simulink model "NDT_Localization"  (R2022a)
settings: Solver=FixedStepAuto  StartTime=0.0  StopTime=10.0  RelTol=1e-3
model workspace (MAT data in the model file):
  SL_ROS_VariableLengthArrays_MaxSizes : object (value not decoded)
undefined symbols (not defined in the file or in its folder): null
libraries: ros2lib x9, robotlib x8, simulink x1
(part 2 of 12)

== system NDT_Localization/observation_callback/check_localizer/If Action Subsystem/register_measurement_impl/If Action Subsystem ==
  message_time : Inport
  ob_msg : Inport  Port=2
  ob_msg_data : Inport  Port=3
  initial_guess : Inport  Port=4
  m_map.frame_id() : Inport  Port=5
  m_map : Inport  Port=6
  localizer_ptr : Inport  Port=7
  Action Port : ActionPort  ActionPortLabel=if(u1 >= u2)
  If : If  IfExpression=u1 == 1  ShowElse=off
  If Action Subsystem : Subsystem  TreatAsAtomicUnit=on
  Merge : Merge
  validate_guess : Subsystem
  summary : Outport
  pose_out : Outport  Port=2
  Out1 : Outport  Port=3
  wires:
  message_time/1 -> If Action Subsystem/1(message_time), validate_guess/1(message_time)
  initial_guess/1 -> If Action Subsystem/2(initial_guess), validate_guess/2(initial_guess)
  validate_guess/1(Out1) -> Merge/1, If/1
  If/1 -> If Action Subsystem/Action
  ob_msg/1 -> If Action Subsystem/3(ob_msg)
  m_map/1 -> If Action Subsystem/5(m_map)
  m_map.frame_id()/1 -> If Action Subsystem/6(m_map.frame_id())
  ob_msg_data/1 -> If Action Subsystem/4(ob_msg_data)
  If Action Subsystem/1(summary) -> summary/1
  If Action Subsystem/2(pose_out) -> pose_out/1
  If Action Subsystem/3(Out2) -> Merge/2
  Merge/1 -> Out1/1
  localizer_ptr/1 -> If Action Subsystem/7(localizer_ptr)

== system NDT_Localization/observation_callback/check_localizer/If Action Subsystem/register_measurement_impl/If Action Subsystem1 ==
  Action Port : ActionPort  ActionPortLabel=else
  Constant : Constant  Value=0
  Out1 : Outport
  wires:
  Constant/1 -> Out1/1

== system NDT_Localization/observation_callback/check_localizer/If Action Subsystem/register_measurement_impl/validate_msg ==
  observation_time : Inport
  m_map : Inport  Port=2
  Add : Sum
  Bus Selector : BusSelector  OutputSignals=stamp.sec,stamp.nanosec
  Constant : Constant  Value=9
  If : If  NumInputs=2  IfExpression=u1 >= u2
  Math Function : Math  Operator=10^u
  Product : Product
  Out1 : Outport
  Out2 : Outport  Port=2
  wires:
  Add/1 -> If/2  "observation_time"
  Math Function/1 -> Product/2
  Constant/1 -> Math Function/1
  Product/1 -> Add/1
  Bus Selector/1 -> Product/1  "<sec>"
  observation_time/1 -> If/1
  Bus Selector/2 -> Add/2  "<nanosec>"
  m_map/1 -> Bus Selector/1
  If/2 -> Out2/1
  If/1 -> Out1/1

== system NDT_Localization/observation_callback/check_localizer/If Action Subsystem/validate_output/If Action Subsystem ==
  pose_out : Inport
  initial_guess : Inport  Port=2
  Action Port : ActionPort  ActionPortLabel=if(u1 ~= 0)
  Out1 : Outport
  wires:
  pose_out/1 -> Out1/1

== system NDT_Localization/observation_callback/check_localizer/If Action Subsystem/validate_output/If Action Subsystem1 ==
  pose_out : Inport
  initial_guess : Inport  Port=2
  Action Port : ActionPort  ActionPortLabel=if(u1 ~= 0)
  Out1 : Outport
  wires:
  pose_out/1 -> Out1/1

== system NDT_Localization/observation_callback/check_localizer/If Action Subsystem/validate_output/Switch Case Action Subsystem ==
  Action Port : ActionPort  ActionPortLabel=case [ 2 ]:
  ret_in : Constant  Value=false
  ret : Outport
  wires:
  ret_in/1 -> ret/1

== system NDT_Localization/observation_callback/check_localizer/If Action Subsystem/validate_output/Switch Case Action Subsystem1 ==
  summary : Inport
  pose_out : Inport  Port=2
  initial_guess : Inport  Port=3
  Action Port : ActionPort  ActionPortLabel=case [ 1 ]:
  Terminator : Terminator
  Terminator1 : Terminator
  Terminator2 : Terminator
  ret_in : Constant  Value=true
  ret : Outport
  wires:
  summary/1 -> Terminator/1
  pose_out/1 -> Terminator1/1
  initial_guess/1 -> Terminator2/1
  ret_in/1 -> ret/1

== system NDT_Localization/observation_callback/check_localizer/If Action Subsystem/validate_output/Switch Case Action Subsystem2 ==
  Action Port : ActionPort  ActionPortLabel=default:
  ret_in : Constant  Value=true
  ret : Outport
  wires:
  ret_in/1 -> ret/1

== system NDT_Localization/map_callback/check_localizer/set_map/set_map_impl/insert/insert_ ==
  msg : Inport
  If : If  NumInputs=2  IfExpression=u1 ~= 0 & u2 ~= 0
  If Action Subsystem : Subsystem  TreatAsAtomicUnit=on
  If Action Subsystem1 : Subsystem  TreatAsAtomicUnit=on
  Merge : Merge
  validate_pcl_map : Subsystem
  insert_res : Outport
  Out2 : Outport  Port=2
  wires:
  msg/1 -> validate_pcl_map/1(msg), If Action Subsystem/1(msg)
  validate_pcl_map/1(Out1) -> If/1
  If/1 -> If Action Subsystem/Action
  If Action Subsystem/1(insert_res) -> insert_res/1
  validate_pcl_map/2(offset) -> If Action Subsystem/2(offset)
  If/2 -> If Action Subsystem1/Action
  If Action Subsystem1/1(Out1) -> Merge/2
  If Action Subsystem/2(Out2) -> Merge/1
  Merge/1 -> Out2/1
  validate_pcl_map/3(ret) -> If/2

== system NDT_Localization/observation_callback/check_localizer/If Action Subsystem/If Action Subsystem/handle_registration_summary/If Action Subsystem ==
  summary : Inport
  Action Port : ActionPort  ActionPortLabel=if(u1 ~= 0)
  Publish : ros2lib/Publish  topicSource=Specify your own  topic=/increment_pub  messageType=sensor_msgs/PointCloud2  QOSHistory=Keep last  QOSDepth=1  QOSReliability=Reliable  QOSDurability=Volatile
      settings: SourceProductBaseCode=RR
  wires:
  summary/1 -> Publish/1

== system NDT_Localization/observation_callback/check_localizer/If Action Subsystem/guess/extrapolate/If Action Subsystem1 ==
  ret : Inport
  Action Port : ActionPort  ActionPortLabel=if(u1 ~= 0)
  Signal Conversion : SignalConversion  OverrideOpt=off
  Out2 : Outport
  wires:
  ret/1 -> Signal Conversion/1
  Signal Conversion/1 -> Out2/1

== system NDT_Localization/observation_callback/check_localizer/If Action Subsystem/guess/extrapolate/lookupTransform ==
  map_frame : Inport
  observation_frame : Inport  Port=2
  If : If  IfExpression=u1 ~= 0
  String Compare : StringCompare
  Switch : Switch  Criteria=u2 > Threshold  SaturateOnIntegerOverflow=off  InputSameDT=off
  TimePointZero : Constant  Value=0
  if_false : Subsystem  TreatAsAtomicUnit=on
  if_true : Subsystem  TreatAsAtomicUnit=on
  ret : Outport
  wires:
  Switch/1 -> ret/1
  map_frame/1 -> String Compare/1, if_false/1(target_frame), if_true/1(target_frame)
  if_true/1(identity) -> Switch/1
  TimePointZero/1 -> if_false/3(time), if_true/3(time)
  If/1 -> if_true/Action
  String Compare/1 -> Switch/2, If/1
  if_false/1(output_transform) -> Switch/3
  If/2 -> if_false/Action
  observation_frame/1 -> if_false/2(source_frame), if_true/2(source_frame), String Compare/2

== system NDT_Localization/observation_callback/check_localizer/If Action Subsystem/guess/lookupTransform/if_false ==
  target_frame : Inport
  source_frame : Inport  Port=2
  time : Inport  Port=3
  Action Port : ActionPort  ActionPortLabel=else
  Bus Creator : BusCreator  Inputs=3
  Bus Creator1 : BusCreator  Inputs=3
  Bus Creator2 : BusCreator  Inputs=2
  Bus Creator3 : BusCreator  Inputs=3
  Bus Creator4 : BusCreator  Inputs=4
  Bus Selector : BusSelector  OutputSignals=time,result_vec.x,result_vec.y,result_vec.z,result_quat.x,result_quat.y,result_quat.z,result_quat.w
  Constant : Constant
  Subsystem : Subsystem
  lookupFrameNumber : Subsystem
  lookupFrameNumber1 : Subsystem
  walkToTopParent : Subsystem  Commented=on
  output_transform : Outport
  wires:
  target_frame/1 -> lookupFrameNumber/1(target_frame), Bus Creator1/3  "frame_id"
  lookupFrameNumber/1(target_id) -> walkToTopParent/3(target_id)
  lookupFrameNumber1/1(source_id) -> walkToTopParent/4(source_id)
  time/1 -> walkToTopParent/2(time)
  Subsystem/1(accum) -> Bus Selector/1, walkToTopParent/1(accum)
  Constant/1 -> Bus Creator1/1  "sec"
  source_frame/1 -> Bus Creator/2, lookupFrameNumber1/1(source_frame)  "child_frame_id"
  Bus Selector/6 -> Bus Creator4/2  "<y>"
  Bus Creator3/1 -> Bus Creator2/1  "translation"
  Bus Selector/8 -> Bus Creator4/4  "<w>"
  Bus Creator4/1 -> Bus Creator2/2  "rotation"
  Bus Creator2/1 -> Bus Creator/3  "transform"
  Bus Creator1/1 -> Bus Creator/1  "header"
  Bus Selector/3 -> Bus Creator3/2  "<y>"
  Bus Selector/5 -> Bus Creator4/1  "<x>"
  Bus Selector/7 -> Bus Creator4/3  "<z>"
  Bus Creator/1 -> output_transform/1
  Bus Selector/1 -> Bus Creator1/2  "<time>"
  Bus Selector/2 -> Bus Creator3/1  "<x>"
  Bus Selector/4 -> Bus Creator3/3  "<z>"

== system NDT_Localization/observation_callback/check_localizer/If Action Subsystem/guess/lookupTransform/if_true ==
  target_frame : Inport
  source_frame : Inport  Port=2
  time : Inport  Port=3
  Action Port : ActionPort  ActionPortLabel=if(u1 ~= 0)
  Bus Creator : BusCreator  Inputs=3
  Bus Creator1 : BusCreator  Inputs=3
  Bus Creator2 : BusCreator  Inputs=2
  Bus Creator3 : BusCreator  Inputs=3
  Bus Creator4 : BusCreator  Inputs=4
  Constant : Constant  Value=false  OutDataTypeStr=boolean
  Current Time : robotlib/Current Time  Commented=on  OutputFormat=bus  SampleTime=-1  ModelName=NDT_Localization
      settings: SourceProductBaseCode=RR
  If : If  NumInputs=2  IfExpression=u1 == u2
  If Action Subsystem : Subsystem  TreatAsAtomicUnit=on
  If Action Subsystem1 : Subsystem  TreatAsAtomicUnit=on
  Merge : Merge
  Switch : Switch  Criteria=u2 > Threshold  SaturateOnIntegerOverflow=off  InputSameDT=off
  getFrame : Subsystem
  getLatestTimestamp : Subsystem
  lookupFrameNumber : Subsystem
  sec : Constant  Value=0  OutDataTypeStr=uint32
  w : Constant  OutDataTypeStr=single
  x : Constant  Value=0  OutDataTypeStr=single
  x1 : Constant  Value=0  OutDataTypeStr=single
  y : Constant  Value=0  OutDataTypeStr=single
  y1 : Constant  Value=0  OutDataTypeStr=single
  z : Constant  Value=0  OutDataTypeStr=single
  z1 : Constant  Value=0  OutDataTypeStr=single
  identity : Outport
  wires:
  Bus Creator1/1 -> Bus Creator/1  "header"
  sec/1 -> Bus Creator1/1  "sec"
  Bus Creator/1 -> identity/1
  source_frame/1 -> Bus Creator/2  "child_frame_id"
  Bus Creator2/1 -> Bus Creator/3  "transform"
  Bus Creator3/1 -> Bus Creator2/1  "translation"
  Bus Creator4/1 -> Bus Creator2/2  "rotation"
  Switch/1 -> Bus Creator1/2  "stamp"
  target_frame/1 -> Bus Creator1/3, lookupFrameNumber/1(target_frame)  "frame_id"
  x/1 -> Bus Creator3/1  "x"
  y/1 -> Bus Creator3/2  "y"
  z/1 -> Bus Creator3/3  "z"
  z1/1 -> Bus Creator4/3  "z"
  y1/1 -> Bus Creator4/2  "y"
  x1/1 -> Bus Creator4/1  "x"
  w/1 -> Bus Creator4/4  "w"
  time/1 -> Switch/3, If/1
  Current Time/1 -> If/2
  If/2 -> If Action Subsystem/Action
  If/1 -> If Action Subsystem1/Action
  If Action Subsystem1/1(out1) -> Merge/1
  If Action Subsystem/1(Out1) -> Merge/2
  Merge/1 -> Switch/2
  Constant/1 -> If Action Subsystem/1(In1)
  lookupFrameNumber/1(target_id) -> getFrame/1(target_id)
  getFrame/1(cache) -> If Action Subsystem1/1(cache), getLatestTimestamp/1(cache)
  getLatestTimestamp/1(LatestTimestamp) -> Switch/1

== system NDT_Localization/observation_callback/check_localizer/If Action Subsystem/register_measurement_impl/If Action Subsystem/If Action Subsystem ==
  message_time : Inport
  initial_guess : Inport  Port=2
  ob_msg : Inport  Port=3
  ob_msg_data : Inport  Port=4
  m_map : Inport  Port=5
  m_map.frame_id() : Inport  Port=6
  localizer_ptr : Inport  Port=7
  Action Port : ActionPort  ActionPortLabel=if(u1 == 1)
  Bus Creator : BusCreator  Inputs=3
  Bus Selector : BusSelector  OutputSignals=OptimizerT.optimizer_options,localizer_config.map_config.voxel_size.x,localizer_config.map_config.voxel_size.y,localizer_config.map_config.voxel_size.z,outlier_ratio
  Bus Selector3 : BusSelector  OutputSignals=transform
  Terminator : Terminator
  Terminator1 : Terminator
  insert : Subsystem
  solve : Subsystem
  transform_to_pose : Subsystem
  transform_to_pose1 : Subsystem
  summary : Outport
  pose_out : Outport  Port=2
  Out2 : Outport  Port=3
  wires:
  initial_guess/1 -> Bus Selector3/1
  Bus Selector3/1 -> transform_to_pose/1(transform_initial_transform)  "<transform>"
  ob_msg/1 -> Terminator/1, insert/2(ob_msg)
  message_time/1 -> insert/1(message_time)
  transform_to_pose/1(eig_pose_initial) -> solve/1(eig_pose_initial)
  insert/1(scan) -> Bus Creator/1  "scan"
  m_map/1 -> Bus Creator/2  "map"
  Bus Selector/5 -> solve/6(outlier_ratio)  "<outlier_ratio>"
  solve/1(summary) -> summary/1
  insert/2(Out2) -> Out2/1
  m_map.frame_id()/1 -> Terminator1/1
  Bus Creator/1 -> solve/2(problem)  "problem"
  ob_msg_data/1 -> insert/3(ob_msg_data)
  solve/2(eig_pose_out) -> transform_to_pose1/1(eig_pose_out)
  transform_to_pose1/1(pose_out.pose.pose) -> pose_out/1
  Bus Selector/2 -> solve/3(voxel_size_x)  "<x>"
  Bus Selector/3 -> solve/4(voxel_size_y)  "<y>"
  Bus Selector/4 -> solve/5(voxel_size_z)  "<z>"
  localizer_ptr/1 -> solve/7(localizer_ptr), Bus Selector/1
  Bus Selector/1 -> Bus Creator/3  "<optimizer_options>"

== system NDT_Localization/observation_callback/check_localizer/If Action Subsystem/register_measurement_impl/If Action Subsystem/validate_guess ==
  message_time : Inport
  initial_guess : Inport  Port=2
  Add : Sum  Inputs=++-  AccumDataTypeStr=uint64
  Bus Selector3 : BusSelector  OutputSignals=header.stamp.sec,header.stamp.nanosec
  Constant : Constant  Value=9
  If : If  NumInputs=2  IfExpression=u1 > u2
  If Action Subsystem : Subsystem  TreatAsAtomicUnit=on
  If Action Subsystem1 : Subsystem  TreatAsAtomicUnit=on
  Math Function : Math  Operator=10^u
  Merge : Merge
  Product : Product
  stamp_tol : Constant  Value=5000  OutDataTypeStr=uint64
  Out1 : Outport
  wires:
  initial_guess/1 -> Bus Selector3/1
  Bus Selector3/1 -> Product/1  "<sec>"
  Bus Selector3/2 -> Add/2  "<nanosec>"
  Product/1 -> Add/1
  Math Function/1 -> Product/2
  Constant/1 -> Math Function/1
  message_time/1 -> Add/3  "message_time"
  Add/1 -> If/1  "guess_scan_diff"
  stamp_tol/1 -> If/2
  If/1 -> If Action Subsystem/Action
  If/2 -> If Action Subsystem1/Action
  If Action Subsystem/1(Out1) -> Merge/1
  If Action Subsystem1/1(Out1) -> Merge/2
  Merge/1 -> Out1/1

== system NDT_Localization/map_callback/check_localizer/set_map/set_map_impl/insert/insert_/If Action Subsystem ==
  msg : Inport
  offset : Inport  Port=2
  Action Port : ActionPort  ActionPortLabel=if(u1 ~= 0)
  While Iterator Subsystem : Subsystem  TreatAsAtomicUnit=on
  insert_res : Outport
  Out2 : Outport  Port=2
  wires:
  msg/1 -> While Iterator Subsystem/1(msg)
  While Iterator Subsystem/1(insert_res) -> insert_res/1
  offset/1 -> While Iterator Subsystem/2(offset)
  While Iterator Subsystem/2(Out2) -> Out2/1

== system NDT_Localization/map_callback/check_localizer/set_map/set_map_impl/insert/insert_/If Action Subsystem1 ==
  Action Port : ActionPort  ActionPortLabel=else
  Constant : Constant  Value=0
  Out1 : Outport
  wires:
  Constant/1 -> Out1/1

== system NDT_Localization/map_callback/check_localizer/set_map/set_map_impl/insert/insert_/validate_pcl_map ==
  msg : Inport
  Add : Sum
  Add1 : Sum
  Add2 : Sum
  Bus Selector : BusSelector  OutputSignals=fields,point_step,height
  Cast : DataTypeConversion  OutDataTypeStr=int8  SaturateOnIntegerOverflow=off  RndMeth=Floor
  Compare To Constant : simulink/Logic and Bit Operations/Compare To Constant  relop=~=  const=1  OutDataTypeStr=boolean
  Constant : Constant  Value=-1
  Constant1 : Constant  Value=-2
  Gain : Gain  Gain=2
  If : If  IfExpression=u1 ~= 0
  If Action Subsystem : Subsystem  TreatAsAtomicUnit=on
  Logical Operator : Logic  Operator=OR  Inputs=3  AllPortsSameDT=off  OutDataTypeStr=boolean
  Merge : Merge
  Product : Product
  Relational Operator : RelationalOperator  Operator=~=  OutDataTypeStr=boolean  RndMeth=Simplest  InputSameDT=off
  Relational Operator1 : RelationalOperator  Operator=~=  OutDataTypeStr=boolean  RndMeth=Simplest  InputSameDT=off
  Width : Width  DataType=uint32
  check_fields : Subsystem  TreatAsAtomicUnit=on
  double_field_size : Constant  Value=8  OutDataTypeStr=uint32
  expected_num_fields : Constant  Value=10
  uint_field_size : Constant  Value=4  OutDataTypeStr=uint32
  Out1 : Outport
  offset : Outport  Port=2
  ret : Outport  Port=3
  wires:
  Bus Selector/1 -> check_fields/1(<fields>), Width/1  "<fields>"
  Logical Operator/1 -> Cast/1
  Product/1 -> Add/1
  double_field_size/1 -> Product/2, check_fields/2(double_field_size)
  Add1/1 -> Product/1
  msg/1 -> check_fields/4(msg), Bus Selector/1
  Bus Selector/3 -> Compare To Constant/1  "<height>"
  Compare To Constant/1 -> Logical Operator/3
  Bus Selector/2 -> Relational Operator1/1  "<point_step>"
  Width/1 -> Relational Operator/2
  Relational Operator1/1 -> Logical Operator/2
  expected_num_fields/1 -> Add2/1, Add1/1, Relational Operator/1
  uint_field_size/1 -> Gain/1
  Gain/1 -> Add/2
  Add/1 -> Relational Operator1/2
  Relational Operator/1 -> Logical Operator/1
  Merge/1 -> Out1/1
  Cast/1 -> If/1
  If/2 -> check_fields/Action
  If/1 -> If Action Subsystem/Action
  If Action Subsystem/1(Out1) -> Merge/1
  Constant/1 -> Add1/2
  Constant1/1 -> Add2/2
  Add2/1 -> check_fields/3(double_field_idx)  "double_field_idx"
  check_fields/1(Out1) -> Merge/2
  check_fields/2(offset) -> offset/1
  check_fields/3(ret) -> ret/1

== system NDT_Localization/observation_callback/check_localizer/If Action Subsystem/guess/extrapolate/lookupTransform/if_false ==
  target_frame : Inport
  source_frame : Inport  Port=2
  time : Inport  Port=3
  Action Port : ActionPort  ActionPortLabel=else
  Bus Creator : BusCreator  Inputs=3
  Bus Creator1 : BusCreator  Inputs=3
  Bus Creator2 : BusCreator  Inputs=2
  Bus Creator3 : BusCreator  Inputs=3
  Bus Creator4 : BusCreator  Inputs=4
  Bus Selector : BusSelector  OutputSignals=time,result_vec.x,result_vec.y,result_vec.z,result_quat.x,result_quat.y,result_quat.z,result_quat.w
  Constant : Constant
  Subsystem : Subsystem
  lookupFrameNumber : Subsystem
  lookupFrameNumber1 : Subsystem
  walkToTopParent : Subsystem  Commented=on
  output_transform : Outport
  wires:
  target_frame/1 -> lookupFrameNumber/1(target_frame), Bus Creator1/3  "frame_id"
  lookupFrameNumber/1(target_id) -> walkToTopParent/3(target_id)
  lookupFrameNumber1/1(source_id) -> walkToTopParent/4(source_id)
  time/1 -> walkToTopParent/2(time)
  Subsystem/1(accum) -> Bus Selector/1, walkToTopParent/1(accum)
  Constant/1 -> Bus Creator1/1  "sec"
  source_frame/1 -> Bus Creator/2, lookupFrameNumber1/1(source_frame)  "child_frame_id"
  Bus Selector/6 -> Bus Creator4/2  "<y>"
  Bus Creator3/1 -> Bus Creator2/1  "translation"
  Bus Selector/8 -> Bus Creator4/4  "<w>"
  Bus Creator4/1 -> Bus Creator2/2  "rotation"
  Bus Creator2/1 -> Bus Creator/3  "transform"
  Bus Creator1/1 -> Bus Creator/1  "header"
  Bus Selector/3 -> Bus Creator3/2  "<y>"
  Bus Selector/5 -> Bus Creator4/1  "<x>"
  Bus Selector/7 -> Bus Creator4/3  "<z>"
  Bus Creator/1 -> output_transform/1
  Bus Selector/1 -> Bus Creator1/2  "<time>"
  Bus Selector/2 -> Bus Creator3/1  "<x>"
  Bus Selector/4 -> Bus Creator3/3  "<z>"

ACTIVITY
Pick out every line above that contains the word "Cast" and copy it.

PROBLEM SOLUTION
  Cast : DataTypeConversion  OutDataTypeStr=int8  SaturateOnIntegerOverflow=off  RndMeth=Floor
  Logical Operator/1 -> Cast/1
  Cast/1 -> If/1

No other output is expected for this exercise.